What to work on »
Leaving pictures aside, restate exactly the lines of the data below, from the first one through the line that contains "#8=PRODUCT_DEFINITION('design','',#6,#7);".

Material provided »
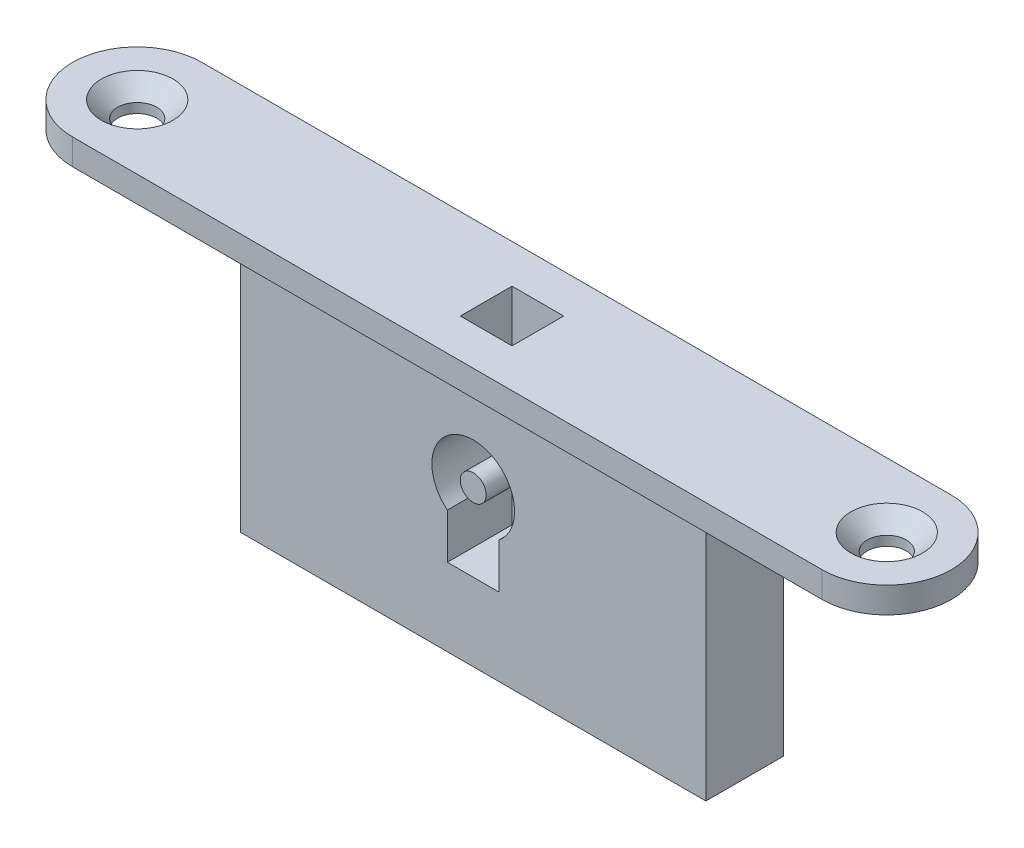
ISO-10303-21;
HEADER;
FILE_DESCRIPTION(('STEP AP214'),'2;1');
FILE_NAME('part.step','',(''),(''),'','','');
FILE_SCHEMA(('AUTOMOTIVE_DESIGN { 1 0 10303 214 1 1 1 1 }'));
ENDSEC;
DATA;
#1=APPLICATION_CONTEXT('core data for automotive mechanical design processes');
#2=APPLICATION_PROTOCOL_DEFINITION('international standard','automotive_design',2000,#1);
#3=PRODUCT_CONTEXT('',#1,'mechanical');
#4=PRODUCT('Part','Part','',(#3));
#5=PRODUCT_RELATED_PRODUCT_CATEGORY('part','',(#4));
#6=PRODUCT_DEFINITION_FORMATION('','',#4);
#7=PRODUCT_DEFINITION_CONTEXT('part definition',#1,'design');
#8=PRODUCT_DEFINITION('design','',#6,#7);
#9=PRODUCT_DEFINITION_SHAPE('','',#8);
#10=(LENGTH_UNIT() NAMED_UNIT(*) SI_UNIT(.MILLI.,.METRE.));
#11=(NAMED_UNIT(*) PLANE_ANGLE_UNIT() SI_UNIT($,.RADIAN.));
#12=(NAMED_UNIT(*) SI_UNIT($,.STERADIAN.) SOLID_ANGLE_UNIT());
#13=UNCERTAINTY_MEASURE_WITH_UNIT(LENGTH_MEASURE(1.E-05),#10,'distance_accuracy_value','');
#14=(GEOMETRIC_REPRESENTATION_CONTEXT(3) GLOBAL_UNCERTAINTY_ASSIGNED_CONTEXT((#13)) GLOBAL_UNIT_ASSIGNED_CONTEXT((#10,
#11,#12)) REPRESENTATION_CONTEXT('',''));
#15=CARTESIAN_POINT('',(0.,0.,0.));
#16=DIRECTION('',(0.,0.,1.));
#17=DIRECTION('',(1.,0.,0.));
#18=AXIS2_PLACEMENT_3D('',#15,#16,#17);
#19=CARTESIAN_POINT('',(-1.5875,-6.35,-1.5875));
#20=DIRECTION('',(0.,0.,-1.));
#21=DIRECTION('',(-1.,0.,0.));
#22=AXIS2_PLACEMENT_3D('',#19,#20,#21);
#23=PLANE('',#22);
#24=CARTESIAN_POINT('',(0.,-7.9375,-1.5875));
#25=DIRECTION('',(0.,0.,-1.));
#26=DIRECTION('',(-1.,0.,0.));
#27=AXIS2_PLACEMENT_3D('',#24,#25,#26);
#28=CIRCLE('',#27,2.54);
#29=CARTESIAN_POINT('',(1.5875,-9.92028686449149,-1.5875));
#30=VERTEX_POINT('',#29);
#31=CARTESIAN_POINT('',(1.5875,-5.95471313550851,-1.5875));
#32=VERTEX_POINT('',#31);
#33=EDGE_CURVE('E177',#30,#32,#28,.F.);
#34=ORIENTED_EDGE('',*,*,#33,.T.);
#35=DIRECTION('',(0.,1.,0.));
#36=VECTOR('',#35,1.);
#37=CARTESIAN_POINT('',(1.5875,-6.35,-1.5875));
#38=LINE('',#37,#36);
#39=CARTESIAN_POINT('',(1.5875,0.,-1.5875));
#40=VERTEX_POINT('',#39);
#41=EDGE_CURVE('E55',#32,#40,#38,.T.);
#42=ORIENTED_EDGE('',*,*,#41,.T.);
#43=DIRECTION('',(-1.,0.,0.));
#44=VECTOR('',#43,1.);
#45=CARTESIAN_POINT('',(-1.5875,0.,-1.5875));
#46=LINE('',#45,#44);
#47=CARTESIAN_POINT('',(-1.5875,0.,-1.5875));
#48=VERTEX_POINT('',#47);
#49=EDGE_CURVE('E197',#40,#48,#46,.T.);
#50=ORIENTED_EDGE('',*,*,#49,.T.);
#51=DIRECTION('',(0.,1.,0.));
#52=VECTOR('',#51,1.);
#53=CARTESIAN_POINT('',(-1.5875,-6.35,-1.5875));
#54=LINE('',#53,#52);
#55=CARTESIAN_POINT('',(-1.5875,-5.95471313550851,-1.5875));
#56=VERTEX_POINT('',#55);
#57=EDGE_CURVE('E210',#56,#48,#54,.T.);
#58=ORIENTED_EDGE('',*,*,#57,.F.);
#59=CARTESIAN_POINT('',(-1.5875,-9.92028686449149,-1.5875));
#60=VERTEX_POINT('',#59);
#61=EDGE_CURVE('E169',#56,#60,#28,.F.);
#62=ORIENTED_EDGE('',*,*,#61,.T.);
#63=DIRECTION('',(0.,-1.,0.));
#64=VECTOR('',#63,1.);
#65=CARTESIAN_POINT('',(-1.5875,-9.92028686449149,-1.5875));
#66=LINE('',#65,#64);
#67=CARTESIAN_POINT('',(-1.5875,-12.7,-1.5875));
#68=VERTEX_POINT('',#67);
#69=EDGE_CURVE('E161',#60,#68,#66,.T.);
#70=ORIENTED_EDGE('',*,*,#69,.T.);
#71=DIRECTION('',(1.,0.,0.));
#72=VECTOR('',#71,1.);
#73=CARTESIAN_POINT('',(1.5875,-12.7,-1.5875));
#74=LINE('',#73,#72);
#75=CARTESIAN_POINT('',(1.5875,-12.7,-1.5875));
#76=VERTEX_POINT('',#75);
#77=EDGE_CURVE('E148',#68,#76,#74,.T.);
#78=ORIENTED_EDGE('',*,*,#77,.T.);
#79=DIRECTION('',(0.,1.,0.));
#80=VECTOR('',#79,1.);
#81=CARTESIAN_POINT('',(1.5875,-9.92028686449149,-1.5875));
#82=LINE('',#81,#80);
#83=EDGE_CURVE('E180',#76,#30,#82,.T.);
#84=ORIENTED_EDGE('',*,*,#83,.T.);
#85=EDGE_LOOP('',(#34,#42,#50,#58,#62,#70,#78,#84));
#86=FACE_BOUND('',#85,.T.);
#87=CARTESIAN_POINT('',(0.,-7.9375,-1.5875));
#88=DIRECTION('',(0.,0.,-1.));
#89=DIRECTION('',(-1.,0.,0.));
#90=AXIS2_PLACEMENT_3D('',#87,#88,#89);
#91=CIRCLE('',#90,0.79375);
#92=CARTESIAN_POINT('',(-0.79375,-7.9375,-1.5875));
#93=VERTEX_POINT('',#92);
#94=EDGE_CURVE('E11',#93,#93,#91,.F.);
#95=ORIENTED_EDGE('',*,*,#94,.F.);
#96=EDGE_LOOP('',(#95));
#97=FACE_BOUND('',#96,.T.);
#98=ADVANCED_FACE('F32',(#86,#97),#23,.F.);
#99=CARTESIAN_POINT('',(-23.01875,-1.5875,0.));
#100=DIRECTION('',(0.,-1.,0.));
#101=DIRECTION('',(0.,0.,-1.));
#102=AXIS2_PLACEMENT_3D('',#99,#100,#101);
#103=PLANE('',#102);
#104=CARTESIAN_POINT('',(23.01875,-1.5875,0.));
#105=DIRECTION('',(0.,-1.,0.));
#106=DIRECTION('',(0.,0.,-1.));
#107=AXIS2_PLACEMENT_3D('',#104,#105,#106);
#108=CIRCLE('',#107,1.2);
#109=CARTESIAN_POINT('',(23.01875,-1.5875,-1.2));
#110=VERTEX_POINT('',#109);
#111=EDGE_CURVE('E275',#110,#110,#108,.T.);
#112=ORIENTED_EDGE('',*,*,#111,.F.);
#113=EDGE_LOOP('',(#112));
#114=FACE_BOUND('',#113,.T.);
#115=CARTESIAN_POINT('',(-23.01875,-1.5875,0.));
#116=DIRECTION('',(0.,-1.,0.));
#117=DIRECTION('',(0.,0.,-1.));
#118=AXIS2_PLACEMENT_3D('',#115,#116,#117);
#119=CIRCLE('',#118,1.2);
#120=CARTESIAN_POINT('',(-23.01875,-1.5875,-1.2));
#121=VERTEX_POINT('',#120);
#122=EDGE_CURVE('E272',#121,#121,#119,.T.);
#123=ORIENTED_EDGE('',*,*,#122,.F.);
#124=EDGE_LOOP('',(#123));
#125=FACE_BOUND('',#124,.T.);
#126=CARTESIAN_POINT('',(-23.01875,-1.5875,0.));
#127=DIRECTION('',(0.,1.,0.));
#128=DIRECTION('',(0.,0.,-1.));
#129=AXIS2_PLACEMENT_3D('',#126,#127,#128);
#130=CIRCLE('',#129,3.96875);
#131=CARTESIAN_POINT('',(-23.01875,-1.5875,-3.96875));
#132=VERTEX_POINT('',#131);
#133=CARTESIAN_POINT('',(-23.01875,-1.5875,3.96875));
#134=VERTEX_POINT('',#133);
#135=EDGE_CURVE('E242',#132,#134,#130,.T.);
#136=ORIENTED_EDGE('',*,*,#135,.F.);
#137=DIRECTION('',(-1.,0.,0.));
#138=VECTOR('',#137,1.);
#139=CARTESIAN_POINT('',(-23.01875,-1.5875,-3.96875));
#140=LINE('',#139,#138);
#141=CARTESIAN_POINT('',(23.01875,-1.5875,-3.96875));
#142=VERTEX_POINT('',#141);
#143=EDGE_CURVE('E252',#142,#132,#140,.T.);
#144=ORIENTED_EDGE('',*,*,#143,.F.);
#145=CARTESIAN_POINT('',(23.01875,-1.5875,0.));
#146=DIRECTION('',(0.,1.,0.));
#147=DIRECTION('',(0.,0.,1.));
#148=AXIS2_PLACEMENT_3D('',#145,#146,#147);
#149=CIRCLE('',#148,3.96875);
#150=CARTESIAN_POINT('',(23.01875,-1.5875,3.96875));
#151=VERTEX_POINT('',#150);
#152=EDGE_CURVE('E249',#151,#142,#149,.T.);
#153=ORIENTED_EDGE('',*,*,#152,.F.);
#154=DIRECTION('',(1.,0.,0.));
#155=VECTOR('',#154,1.);
#156=CARTESIAN_POINT('',(-23.01875,-1.5875,3.96875));
#157=LINE('',#156,#155);
#158=EDGE_CURVE('E245',#134,#151,#157,.T.);
#159=ORIENTED_EDGE('',*,*,#158,.F.);
#160=EDGE_LOOP('',(#136,#144,#153,#159));
#161=FACE_BOUND('',#160,.T.);
#162=DIRECTION('',(-1.,0.,0.));
#163=VECTOR('',#162,1.);
#164=CARTESIAN_POINT('',(-14.2875,-1.5875,2.38125));
#165=LINE('',#164,#163);
#166=CARTESIAN_POINT('',(14.2875,-1.5875,2.38125));
#167=VERTEX_POINT('',#166);
#168=CARTESIAN_POINT('',(-14.2875,-1.5875,2.38125));
#169=VERTEX_POINT('',#168);
#170=EDGE_CURVE('E226',#167,#169,#165,.T.);
#171=ORIENTED_EDGE('',*,*,#170,.F.);
#172=DIRECTION('',(0.,0.,1.));
#173=VECTOR('',#172,1.);
#174=CARTESIAN_POINT('',(14.2875,-1.5875,2.38125));
#175=LINE('',#174,#173);
#176=CARTESIAN_POINT('',(14.2875,-1.5875,-2.38125));
#177=VERTEX_POINT('',#176);
#178=EDGE_CURVE('E207',#177,#167,#175,.T.);
#179=ORIENTED_EDGE('',*,*,#178,.F.);
#180=DIRECTION('',(1.,0.,0.));
#181=VECTOR('',#180,1.);
#182=CARTESIAN_POINT('',(-14.2875,-1.5875,-2.38125));
#183=LINE('',#182,#181);
#184=CARTESIAN_POINT('',(-14.2875,-1.5875,-2.38125));
#185=VERTEX_POINT('',#184);
#186=EDGE_CURVE('E217',#185,#177,#183,.T.);
#187=ORIENTED_EDGE('',*,*,#186,.F.);
#188=DIRECTION('',(0.,0.,-1.));
#189=VECTOR('',#188,1.);
#190=CARTESIAN_POINT('',(-14.2875,-1.5875,2.38125));
#191=LINE('',#190,#189);
#192=EDGE_CURVE('E228',#169,#185,#191,.T.);
#193=ORIENTED_EDGE('',*,*,#192,.F.);
#194=EDGE_LOOP('',(#171,#179,#187,#193));
#195=FACE_BOUND('',#194,.T.);
#196=ADVANCED_FACE('F316',(#114,#125,#161,#195),#103,.T.);
#197=CARTESIAN_POINT('',(-23.01875,-1.5875,0.));
#198=DIRECTION('',(0.,1.,0.));
#199=DIRECTION('',(0.,0.,1.));
#200=AXIS2_PLACEMENT_3D('',#197,#198,#199);
#201=CYLINDRICAL_SURFACE('',#200,3.96875);
#202=CARTESIAN_POINT('',(-23.01875,0.,0.));
#203=DIRECTION('',(0.,1.,0.));
#204=DIRECTION('',(0.,0.,-1.));
#205=AXIS2_PLACEMENT_3D('',#202,#203,#204);
#206=CIRCLE('',#205,3.96875);
#207=CARTESIAN_POINT('',(-23.01875,0.,-3.96875));
#208=VERTEX_POINT('',#207);
#209=CARTESIAN_POINT('',(-23.01875,0.,3.96875));
#210=VERTEX_POINT('',#209);
#211=EDGE_CURVE('E241',#208,#210,#206,.T.);
#212=ORIENTED_EDGE('',*,*,#211,.F.);
#213=DIRECTION('',(0.,1.,0.));
#214=VECTOR('',#213,1.);
#215=CARTESIAN_POINT('',(-23.01875,-1.5875,-3.96875));
#216=LINE('',#215,#214);
#217=EDGE_CURVE('E40',#132,#208,#216,.T.);
#218=ORIENTED_EDGE('',*,*,#217,.F.);
#219=ORIENTED_EDGE('',*,*,#135,.T.);
#220=DIRECTION('',(0.,1.,0.));
#221=VECTOR('',#220,1.);
#222=CARTESIAN_POINT('',(-23.01875,-1.5875,3.96875));
#223=LINE('',#222,#221);
#224=EDGE_CURVE('E255',#134,#210,#223,.T.);
#225=ORIENTED_EDGE('',*,*,#224,.T.);
#226=EDGE_LOOP('',(#212,#218,#219,#225));
#227=FACE_BOUND('',#226,.T.);
#228=ADVANCED_FACE('F34',(#227),#201,.T.);
#229=CARTESIAN_POINT('',(-23.01875,-1.5875,-3.96875));
#230=DIRECTION('',(0.,0.,-1.));
#231=DIRECTION('',(-1.,0.,0.));
#232=AXIS2_PLACEMENT_3D('',#229,#230,#231);
#233=PLANE('',#232);
#234=DIRECTION('',(-1.,0.,0.));
#235=VECTOR('',#234,1.);
#236=CARTESIAN_POINT('',(-23.01875,0.,-3.96875));
#237=LINE('',#236,#235);
#238=CARTESIAN_POINT('',(23.01875,0.,-3.96875));
#239=VERTEX_POINT('',#238);
#240=EDGE_CURVE('E246',#239,#208,#237,.T.);
#241=ORIENTED_EDGE('',*,*,#240,.F.);
#242=DIRECTION('',(0.,1.,0.));
#243=VECTOR('',#242,1.);
#244=CARTESIAN_POINT('',(23.01875,-1.5875,-3.96875));
#245=LINE('',#244,#243);
#246=EDGE_CURVE('E267',#142,#239,#245,.T.);
#247=ORIENTED_EDGE('',*,*,#246,.F.);
#248=ORIENTED_EDGE('',*,*,#143,.T.);
#249=ORIENTED_EDGE('',*,*,#217,.T.);
#250=EDGE_LOOP('',(#241,#247,#248,#249));
#251=FACE_BOUND('',#250,.T.);
#252=ADVANCED_FACE('F493',(#251),#233,.T.);
#253=CARTESIAN_POINT('',(23.01875,-1.5875,0.));
#254=DIRECTION('',(0.,1.,0.));
#255=DIRECTION('',(0.,0.,1.));
#256=AXIS2_PLACEMENT_3D('',#253,#254,#255);
#257=CYLINDRICAL_SURFACE('',#256,3.96875);
#258=CARTESIAN_POINT('',(23.01875,0.,0.));
#259=DIRECTION('',(0.,1.,0.));
#260=DIRECTION('',(0.,0.,1.));
#261=AXIS2_PLACEMENT_3D('',#258,#259,#260);
#262=CIRCLE('',#261,3.96875);
#263=CARTESIAN_POINT('',(23.01875,0.,3.96875));
#264=VERTEX_POINT('',#263);
#265=EDGE_CURVE('E261',#264,#239,#262,.T.);
#266=ORIENTED_EDGE('',*,*,#265,.F.);
#267=DIRECTION('',(0.,1.,0.));
#268=VECTOR('',#267,1.);
#269=CARTESIAN_POINT('',(23.01875,-1.5875,3.96875));
#270=LINE('',#269,#268);
#271=EDGE_CURVE('E269',#151,#264,#270,.T.);
#272=ORIENTED_EDGE('',*,*,#271,.F.);
#273=ORIENTED_EDGE('',*,*,#152,.T.);
#274=ORIENTED_EDGE('',*,*,#246,.T.);
#275=EDGE_LOOP('',(#266,#272,#273,#274));
#276=FACE_BOUND('',#275,.T.);
#277=ADVANCED_FACE('F483',(#276),#257,.T.);
#278=CARTESIAN_POINT('',(-23.01875,-1.5875,3.96875));
#279=DIRECTION('',(0.,0.,1.));
#280=DIRECTION('',(1.,0.,0.));
#281=AXIS2_PLACEMENT_3D('',#278,#279,#280);
#282=PLANE('',#281);
#283=DIRECTION('',(1.,0.,0.));
#284=VECTOR('',#283,1.);
#285=CARTESIAN_POINT('',(-23.01875,0.,3.96875));
#286=LINE('',#285,#284);
#287=EDGE_CURVE('E258',#210,#264,#286,.T.);
#288=ORIENTED_EDGE('',*,*,#287,.F.);
#289=ORIENTED_EDGE('',*,*,#224,.F.);
#290=ORIENTED_EDGE('',*,*,#158,.T.);
#291=ORIENTED_EDGE('',*,*,#271,.T.);
#292=EDGE_LOOP('',(#288,#289,#290,#291));
#293=FACE_BOUND('',#292,.T.);
#294=ADVANCED_FACE('F478',(#293),#282,.T.);
#295=CARTESIAN_POINT('',(-23.01875,0.,0.));
#296=DIRECTION('',(0.,-1.,0.));
#297=DIRECTION('',(0.,0.,-1.));
#298=AXIS2_PLACEMENT_3D('',#295,#296,#297);
#299=PLANE('',#298);
#300=CARTESIAN_POINT('',(23.01875,0.,0.));
#301=DIRECTION('',(0.,1.,0.));
#302=DIRECTION('',(0.,0.,1.));
#303=AXIS2_PLACEMENT_3D('',#300,#301,#302);
#304=CIRCLE('',#303,2.2);
#305=CARTESIAN_POINT('',(23.01875,0.,2.2));
#306=VERTEX_POINT('',#305);
#307=EDGE_CURVE('E284',#306,#306,#304,.T.);
#308=ORIENTED_EDGE('',*,*,#307,.F.);
#309=EDGE_LOOP('',(#308));
#310=FACE_BOUND('',#309,.T.);
#311=CARTESIAN_POINT('',(-23.01875,0.,0.));
#312=DIRECTION('',(0.,1.,0.));
#313=DIRECTION('',(0.,0.,1.));
#314=AXIS2_PLACEMENT_3D('',#311,#312,#313);
#315=CIRCLE('',#314,2.2);
#316=CARTESIAN_POINT('',(-23.01875,0.,2.2));
#317=VERTEX_POINT('',#316);
#318=EDGE_CURVE('E277',#317,#317,#315,.T.);
#319=ORIENTED_EDGE('',*,*,#318,.F.);
#320=EDGE_LOOP('',(#319));
#321=FACE_BOUND('',#320,.T.);
#322=ORIENTED_EDGE('',*,*,#49,.F.);
#323=DIRECTION('',(0.,0.,-1.));
#324=VECTOR('',#323,1.);
#325=CARTESIAN_POINT('',(1.5875,0.,-1.5875));
#326=LINE('',#325,#324);
#327=CARTESIAN_POINT('',(1.5875,0.,1.5875));
#328=VERTEX_POINT('',#327);
#329=EDGE_CURVE('E195',#328,#40,#326,.T.);
#330=ORIENTED_EDGE('',*,*,#329,.F.);
#331=DIRECTION('',(1.,0.,0.));
#332=VECTOR('',#331,1.);
#333=CARTESIAN_POINT('',(-1.5875,0.,1.5875));
#334=LINE('',#333,#332);
#335=CARTESIAN_POINT('',(-1.5875,0.,1.5875));
#336=VERTEX_POINT('',#335);
#337=EDGE_CURVE('E202',#336,#328,#334,.T.);
#338=ORIENTED_EDGE('',*,*,#337,.F.);
#339=DIRECTION('',(0.,0.,1.));
#340=VECTOR('',#339,1.);
#341=CARTESIAN_POINT('',(-1.5875,0.,-1.5875));
#342=LINE('',#341,#340);
#343=EDGE_CURVE('E199',#48,#336,#342,.T.);
#344=ORIENTED_EDGE('',*,*,#343,.F.);
#345=EDGE_LOOP('',(#322,#330,#338,#344));
#346=FACE_BOUND('',#345,.T.);
#347=ORIENTED_EDGE('',*,*,#211,.T.);
#348=ORIENTED_EDGE('',*,*,#287,.T.);
#349=ORIENTED_EDGE('',*,*,#265,.T.);
#350=ORIENTED_EDGE('',*,*,#240,.T.);
#351=EDGE_LOOP('',(#347,#348,#349,#350));
#352=FACE_BOUND('',#351,.T.);
#353=ADVANCED_FACE('F471',(#310,#321,#346,#352),#299,.F.);
#354=CARTESIAN_POINT('',(14.2875,-17.4625,2.38125));
#355=DIRECTION('',(-1.,0.,0.));
#356=DIRECTION('',(0.,0.,1.));
#357=AXIS2_PLACEMENT_3D('',#354,#355,#356);
#358=PLANE('',#357);
#359=ORIENTED_EDGE('',*,*,#178,.T.);
#360=DIRECTION('',(0.,1.,0.));
#361=VECTOR('',#360,1.);
#362=CARTESIAN_POINT('',(14.2875,-17.4625,2.38125));
#363=LINE('',#362,#361);
#364=CARTESIAN_POINT('',(14.2875,-17.4625,2.38125));
#365=VERTEX_POINT('',#364);
#366=EDGE_CURVE('E239',#365,#167,#363,.T.);
#367=ORIENTED_EDGE('',*,*,#366,.F.);
#368=DIRECTION('',(0.,0.,1.));
#369=VECTOR('',#368,1.);
#370=CARTESIAN_POINT('',(14.2875,-17.4625,2.38125));
#371=LINE('',#370,#369);
#372=CARTESIAN_POINT('',(14.2875,-17.4625,-2.38125));
#373=VERTEX_POINT('',#372);
#374=EDGE_CURVE('E213',#373,#365,#371,.T.);
#375=ORIENTED_EDGE('',*,*,#374,.F.);
#376=DIRECTION('',(0.,1.,0.));
#377=VECTOR('',#376,1.);
#378=CARTESIAN_POINT('',(14.2875,-17.4625,-2.38125));
#379=LINE('',#378,#377);
#380=EDGE_CURVE('E223',#373,#177,#379,.T.);
#381=ORIENTED_EDGE('',*,*,#380,.T.);
#382=EDGE_LOOP('',(#359,#367,#375,#381));
#383=FACE_BOUND('',#382,.T.);
#384=ADVANCED_FACE('F304',(#383),#358,.F.);
#385=CARTESIAN_POINT('',(-14.2875,-17.4625,2.38125));
#386=DIRECTION('',(0.,0.,-1.));
#387=DIRECTION('',(-1.,0.,0.));
#388=AXIS2_PLACEMENT_3D('',#385,#386,#387);
#389=PLANE('',#388);
#390=DIRECTION('',(1.,0.,0.));
#391=VECTOR('',#390,1.);
#392=CARTESIAN_POINT('',(1.5875,-12.7,2.38125));
#393=LINE('',#392,#391);
#394=CARTESIAN_POINT('',(-1.5875,-12.7,2.38125));
#395=VERTEX_POINT('',#394);
#396=CARTESIAN_POINT('',(1.5875,-12.7,2.38125));
#397=VERTEX_POINT('',#396);
#398=EDGE_CURVE('E171',#395,#397,#393,.T.);
#399=ORIENTED_EDGE('',*,*,#398,.F.);
#400=DIRECTION('',(0.,-1.,0.));
#401=VECTOR('',#400,1.);
#402=CARTESIAN_POINT('',(-1.5875,-9.92028686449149,2.38125));
#403=LINE('',#402,#401);
#404=CARTESIAN_POINT('',(-1.5875,-9.92028686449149,2.38125));
#405=VERTEX_POINT('',#404);
#406=EDGE_CURVE('E164',#405,#395,#403,.T.);
#407=ORIENTED_EDGE('',*,*,#406,.F.);
#408=CARTESIAN_POINT('',(0.,-7.9375,2.38125));
#409=DIRECTION('',(0.,0.,1.));
#410=DIRECTION('',(1.,0.,0.));
#411=AXIS2_PLACEMENT_3D('',#408,#409,#410);
#412=CIRCLE('',#411,2.54);
#413=CARTESIAN_POINT('',(1.5875,-9.92028686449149,2.38125));
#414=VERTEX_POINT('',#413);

Written response »
ISO-10303-21;
HEADER;
FILE_DESCRIPTION(('STEP AP214'),'2;1');
FILE_NAME('part.step','',(''),(''),'','','');
FILE_SCHEMA(('AUTOMOTIVE_DESIGN { 1 0 10303 214 1 1 1 1 }'));
ENDSEC;
DATA;
#1=APPLICATION_CONTEXT('core data for automotive mechanical design processes');
#2=APPLICATION_PROTOCOL_DEFINITION('international standard','automotive_design',2000,#1);
#3=PRODUCT_CONTEXT('',#1,'mechanical');
#4=PRODUCT('Part','Part','',(#3));
#5=PRODUCT_RELATED_PRODUCT_CATEGORY('part','',(#4));
#6=PRODUCT_DEFINITION_FORMATION('','',#4);
#7=PRODUCT_DEFINITION_CONTEXT('part definition',#1,'design');
#8=PRODUCT_DEFINITION('design','',#6,#7);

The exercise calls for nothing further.